XXIII HOW I WOULD WORK FOR PEACE

For a long time past, ever since it was realised that the countless campaigns to which we are committed would be long in following their appointed course, costly in progress and revolting in detail, all manner of people have come forward to explain that they have mastered the causes and the cure of war. Belligerent and neutral countries alike have put forward their panaceas, and Great Britain has held some particularly active groups, perhaps because, while strife fills her horizon, only Zeppelins have succeeded in bringing the actualities home to those who are not serving. Then, too, we have always had in the country a number of men and women who believe honestly that war is a madness and crime, that their contention can be proved by argument, and that because they imagine war does not really benefit anybody, nobody really wants war.

There are others who do not go quite so far as this, being content to saddle policies or individuals with the responsibility. Secret diplomacy is, we are assured, a fruitful source of wars, and we are invited to place our cards on the table, and instruct our diplomats to tell the truth, the whole truth, and nothing but the truth. Out of these theories are born societies like the Union of Democratic Control, and many unnecessary speeches by people who are apt to confuse martyrdom and unpopularity.

War gives rise to optimists, like Mr. Henry Ford, who, quite oblivious to gibes and sneers, charters a steamer and proceeds to Europe, that he may call upon belligerents to cease their quarrels, because even from the distant city of Detroit, he can see how foolishly they are behaving.
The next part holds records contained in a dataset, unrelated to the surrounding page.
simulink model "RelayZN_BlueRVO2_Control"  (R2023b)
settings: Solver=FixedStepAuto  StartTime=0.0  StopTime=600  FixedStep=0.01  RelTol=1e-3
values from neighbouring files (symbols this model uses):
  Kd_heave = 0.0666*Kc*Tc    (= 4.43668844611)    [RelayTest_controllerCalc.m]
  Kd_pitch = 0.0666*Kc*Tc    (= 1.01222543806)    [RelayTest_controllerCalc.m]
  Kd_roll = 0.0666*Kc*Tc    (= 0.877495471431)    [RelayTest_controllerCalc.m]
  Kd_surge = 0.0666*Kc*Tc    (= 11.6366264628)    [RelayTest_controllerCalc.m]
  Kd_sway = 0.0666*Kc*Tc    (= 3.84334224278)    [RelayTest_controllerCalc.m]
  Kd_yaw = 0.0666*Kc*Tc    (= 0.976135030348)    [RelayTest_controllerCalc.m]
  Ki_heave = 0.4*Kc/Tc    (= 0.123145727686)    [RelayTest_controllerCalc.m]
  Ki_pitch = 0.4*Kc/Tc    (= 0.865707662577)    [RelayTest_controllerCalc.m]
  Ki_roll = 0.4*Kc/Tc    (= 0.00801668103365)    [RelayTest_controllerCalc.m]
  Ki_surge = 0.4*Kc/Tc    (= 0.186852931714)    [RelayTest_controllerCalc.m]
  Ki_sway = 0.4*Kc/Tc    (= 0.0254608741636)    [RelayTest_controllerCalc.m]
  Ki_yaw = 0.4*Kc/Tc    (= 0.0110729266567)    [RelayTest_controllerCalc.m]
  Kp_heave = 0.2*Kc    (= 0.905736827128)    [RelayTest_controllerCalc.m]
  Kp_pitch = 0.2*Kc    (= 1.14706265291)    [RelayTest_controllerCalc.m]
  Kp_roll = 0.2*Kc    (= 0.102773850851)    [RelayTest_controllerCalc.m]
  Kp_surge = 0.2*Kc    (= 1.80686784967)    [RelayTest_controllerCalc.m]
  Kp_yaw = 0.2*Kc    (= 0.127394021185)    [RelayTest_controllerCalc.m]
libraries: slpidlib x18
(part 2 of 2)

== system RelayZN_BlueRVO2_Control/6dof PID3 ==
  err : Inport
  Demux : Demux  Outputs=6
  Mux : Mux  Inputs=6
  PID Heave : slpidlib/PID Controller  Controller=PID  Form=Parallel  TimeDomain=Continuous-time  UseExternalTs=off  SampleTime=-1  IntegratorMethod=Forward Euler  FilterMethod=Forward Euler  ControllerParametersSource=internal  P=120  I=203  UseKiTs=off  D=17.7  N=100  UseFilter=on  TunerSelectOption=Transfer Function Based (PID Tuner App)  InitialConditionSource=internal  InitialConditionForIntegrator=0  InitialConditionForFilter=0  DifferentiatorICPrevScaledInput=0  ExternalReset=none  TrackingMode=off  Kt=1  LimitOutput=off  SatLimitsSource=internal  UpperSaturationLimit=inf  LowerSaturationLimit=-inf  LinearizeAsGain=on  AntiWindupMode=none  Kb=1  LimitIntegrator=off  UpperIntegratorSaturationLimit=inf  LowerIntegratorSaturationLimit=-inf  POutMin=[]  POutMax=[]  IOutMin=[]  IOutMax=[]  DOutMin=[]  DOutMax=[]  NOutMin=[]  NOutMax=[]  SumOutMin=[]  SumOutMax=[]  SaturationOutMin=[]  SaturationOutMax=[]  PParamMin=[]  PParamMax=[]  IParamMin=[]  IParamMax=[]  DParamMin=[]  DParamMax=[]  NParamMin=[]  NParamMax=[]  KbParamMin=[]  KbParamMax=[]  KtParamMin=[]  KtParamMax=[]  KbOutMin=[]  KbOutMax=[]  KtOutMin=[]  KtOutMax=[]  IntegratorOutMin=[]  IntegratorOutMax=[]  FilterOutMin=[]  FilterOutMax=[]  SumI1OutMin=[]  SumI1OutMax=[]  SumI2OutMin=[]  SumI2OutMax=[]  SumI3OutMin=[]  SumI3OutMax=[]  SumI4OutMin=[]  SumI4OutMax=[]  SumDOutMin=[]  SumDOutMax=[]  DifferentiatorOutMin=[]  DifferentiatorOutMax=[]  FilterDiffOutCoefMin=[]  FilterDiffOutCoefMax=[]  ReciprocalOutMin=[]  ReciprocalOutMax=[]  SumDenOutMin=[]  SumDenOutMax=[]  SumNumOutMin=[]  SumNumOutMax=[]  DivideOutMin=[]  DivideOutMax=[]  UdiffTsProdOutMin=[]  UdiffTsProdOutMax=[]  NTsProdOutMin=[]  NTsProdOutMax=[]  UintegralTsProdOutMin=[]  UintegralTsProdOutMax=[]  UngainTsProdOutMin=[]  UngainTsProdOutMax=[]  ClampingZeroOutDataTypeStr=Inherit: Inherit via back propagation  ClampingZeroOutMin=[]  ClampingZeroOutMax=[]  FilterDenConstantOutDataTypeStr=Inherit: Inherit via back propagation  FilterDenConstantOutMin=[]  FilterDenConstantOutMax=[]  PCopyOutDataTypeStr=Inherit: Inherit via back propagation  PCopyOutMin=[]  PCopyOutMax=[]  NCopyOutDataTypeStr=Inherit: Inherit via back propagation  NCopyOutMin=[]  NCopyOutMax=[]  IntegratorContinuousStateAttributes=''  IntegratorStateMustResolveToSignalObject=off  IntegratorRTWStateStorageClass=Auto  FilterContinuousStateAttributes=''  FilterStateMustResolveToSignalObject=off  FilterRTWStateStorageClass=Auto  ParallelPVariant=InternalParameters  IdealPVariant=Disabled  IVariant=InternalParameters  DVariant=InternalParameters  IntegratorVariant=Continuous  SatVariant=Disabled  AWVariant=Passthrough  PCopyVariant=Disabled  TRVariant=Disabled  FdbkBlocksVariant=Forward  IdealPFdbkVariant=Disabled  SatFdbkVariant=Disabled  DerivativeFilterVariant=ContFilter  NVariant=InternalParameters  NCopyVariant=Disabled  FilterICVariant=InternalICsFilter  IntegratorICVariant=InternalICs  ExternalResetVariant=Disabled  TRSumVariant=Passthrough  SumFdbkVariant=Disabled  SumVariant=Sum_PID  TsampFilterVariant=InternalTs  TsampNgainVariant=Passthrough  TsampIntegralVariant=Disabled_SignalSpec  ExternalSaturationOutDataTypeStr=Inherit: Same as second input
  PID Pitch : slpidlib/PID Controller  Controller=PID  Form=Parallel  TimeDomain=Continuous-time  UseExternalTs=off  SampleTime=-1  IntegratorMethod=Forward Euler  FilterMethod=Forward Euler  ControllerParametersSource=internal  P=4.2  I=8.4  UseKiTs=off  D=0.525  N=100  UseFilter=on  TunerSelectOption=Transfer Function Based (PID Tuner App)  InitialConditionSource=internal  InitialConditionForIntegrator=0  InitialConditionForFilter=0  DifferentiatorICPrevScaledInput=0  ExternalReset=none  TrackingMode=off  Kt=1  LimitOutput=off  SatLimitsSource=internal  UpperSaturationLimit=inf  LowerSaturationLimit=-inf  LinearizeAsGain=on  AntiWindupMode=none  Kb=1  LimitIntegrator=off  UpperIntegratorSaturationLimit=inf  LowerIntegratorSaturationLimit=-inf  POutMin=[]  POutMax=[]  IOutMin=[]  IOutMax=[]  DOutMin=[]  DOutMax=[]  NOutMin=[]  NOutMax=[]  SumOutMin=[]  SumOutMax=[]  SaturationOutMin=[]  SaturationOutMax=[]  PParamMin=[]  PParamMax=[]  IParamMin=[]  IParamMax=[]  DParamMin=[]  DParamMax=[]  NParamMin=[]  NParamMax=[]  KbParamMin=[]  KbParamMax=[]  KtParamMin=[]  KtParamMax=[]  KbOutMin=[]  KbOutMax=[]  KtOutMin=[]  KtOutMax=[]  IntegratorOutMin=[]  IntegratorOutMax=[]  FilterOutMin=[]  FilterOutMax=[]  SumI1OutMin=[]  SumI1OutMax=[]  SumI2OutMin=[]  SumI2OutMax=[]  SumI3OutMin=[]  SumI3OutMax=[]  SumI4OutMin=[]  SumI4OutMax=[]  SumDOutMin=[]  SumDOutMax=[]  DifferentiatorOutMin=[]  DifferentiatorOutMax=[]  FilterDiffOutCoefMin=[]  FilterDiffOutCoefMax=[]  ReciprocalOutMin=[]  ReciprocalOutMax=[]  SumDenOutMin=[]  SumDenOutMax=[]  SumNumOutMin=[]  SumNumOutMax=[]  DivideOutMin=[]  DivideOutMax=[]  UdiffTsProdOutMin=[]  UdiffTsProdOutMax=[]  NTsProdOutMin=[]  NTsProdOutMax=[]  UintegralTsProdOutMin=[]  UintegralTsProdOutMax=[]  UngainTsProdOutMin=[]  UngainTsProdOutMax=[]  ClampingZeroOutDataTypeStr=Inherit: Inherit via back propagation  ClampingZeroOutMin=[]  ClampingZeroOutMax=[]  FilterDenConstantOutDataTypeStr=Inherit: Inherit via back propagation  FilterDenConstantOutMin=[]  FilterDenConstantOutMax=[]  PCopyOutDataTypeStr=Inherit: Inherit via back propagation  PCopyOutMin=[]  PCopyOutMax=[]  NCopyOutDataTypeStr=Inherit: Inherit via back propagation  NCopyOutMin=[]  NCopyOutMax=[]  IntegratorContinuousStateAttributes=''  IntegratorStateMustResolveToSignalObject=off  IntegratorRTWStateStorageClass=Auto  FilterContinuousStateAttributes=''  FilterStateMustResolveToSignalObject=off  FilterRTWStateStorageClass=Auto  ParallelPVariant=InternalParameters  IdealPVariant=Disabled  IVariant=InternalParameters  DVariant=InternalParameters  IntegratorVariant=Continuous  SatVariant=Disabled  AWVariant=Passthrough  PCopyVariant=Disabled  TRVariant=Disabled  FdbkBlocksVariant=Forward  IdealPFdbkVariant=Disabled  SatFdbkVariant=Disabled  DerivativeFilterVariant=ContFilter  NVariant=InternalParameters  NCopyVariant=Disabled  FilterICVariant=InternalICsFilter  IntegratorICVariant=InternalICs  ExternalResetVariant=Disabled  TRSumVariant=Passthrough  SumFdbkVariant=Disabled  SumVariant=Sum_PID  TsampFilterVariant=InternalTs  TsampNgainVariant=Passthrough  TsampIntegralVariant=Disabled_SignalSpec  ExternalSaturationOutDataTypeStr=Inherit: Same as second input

It may be easy to laugh or to sneer at these manifestations. I find it impossible to do either. In every one of these efforts, great or small, notable or ludicrous, something of the spirit that is helping the world to progress is made manifest. If men and women who have little in life except the respect of their circle, deliberately sacrifice that precious asset for the sake of saying what they believe to be the truth, they are worthy of regard, and let us remember that most of us are amongst those who would rather be stoned than laughed at.

If I have criticism for panaceas that are to rid the nation of war as patent medicine-vendors offer to rid the individual of disease, if I look a little askance at all schemes of international betterment by will of the people, it is because all equality of reasoning power, all movement towards higher things, is conditioned by education.

We are very much like our fruit-trees. If you plant one hundred trees of equally good appearance and quality on a good soil, and you attend to fifty, and leave the other fifty to look after themselves, what is going to happen? The trees that have clean soil round the roots, that are pruned and washed and shaped in the way they should go will yield abundantly, look well, and live long; the others will be uncertain in their growth, unattractive in aspect, and liable to fail or become diseased.

In England we pay scant heed to the prosperity of the race, we are far more concerned with the prosperity of the race-course. We have been taught to care less for the well-being of the public than of the publican.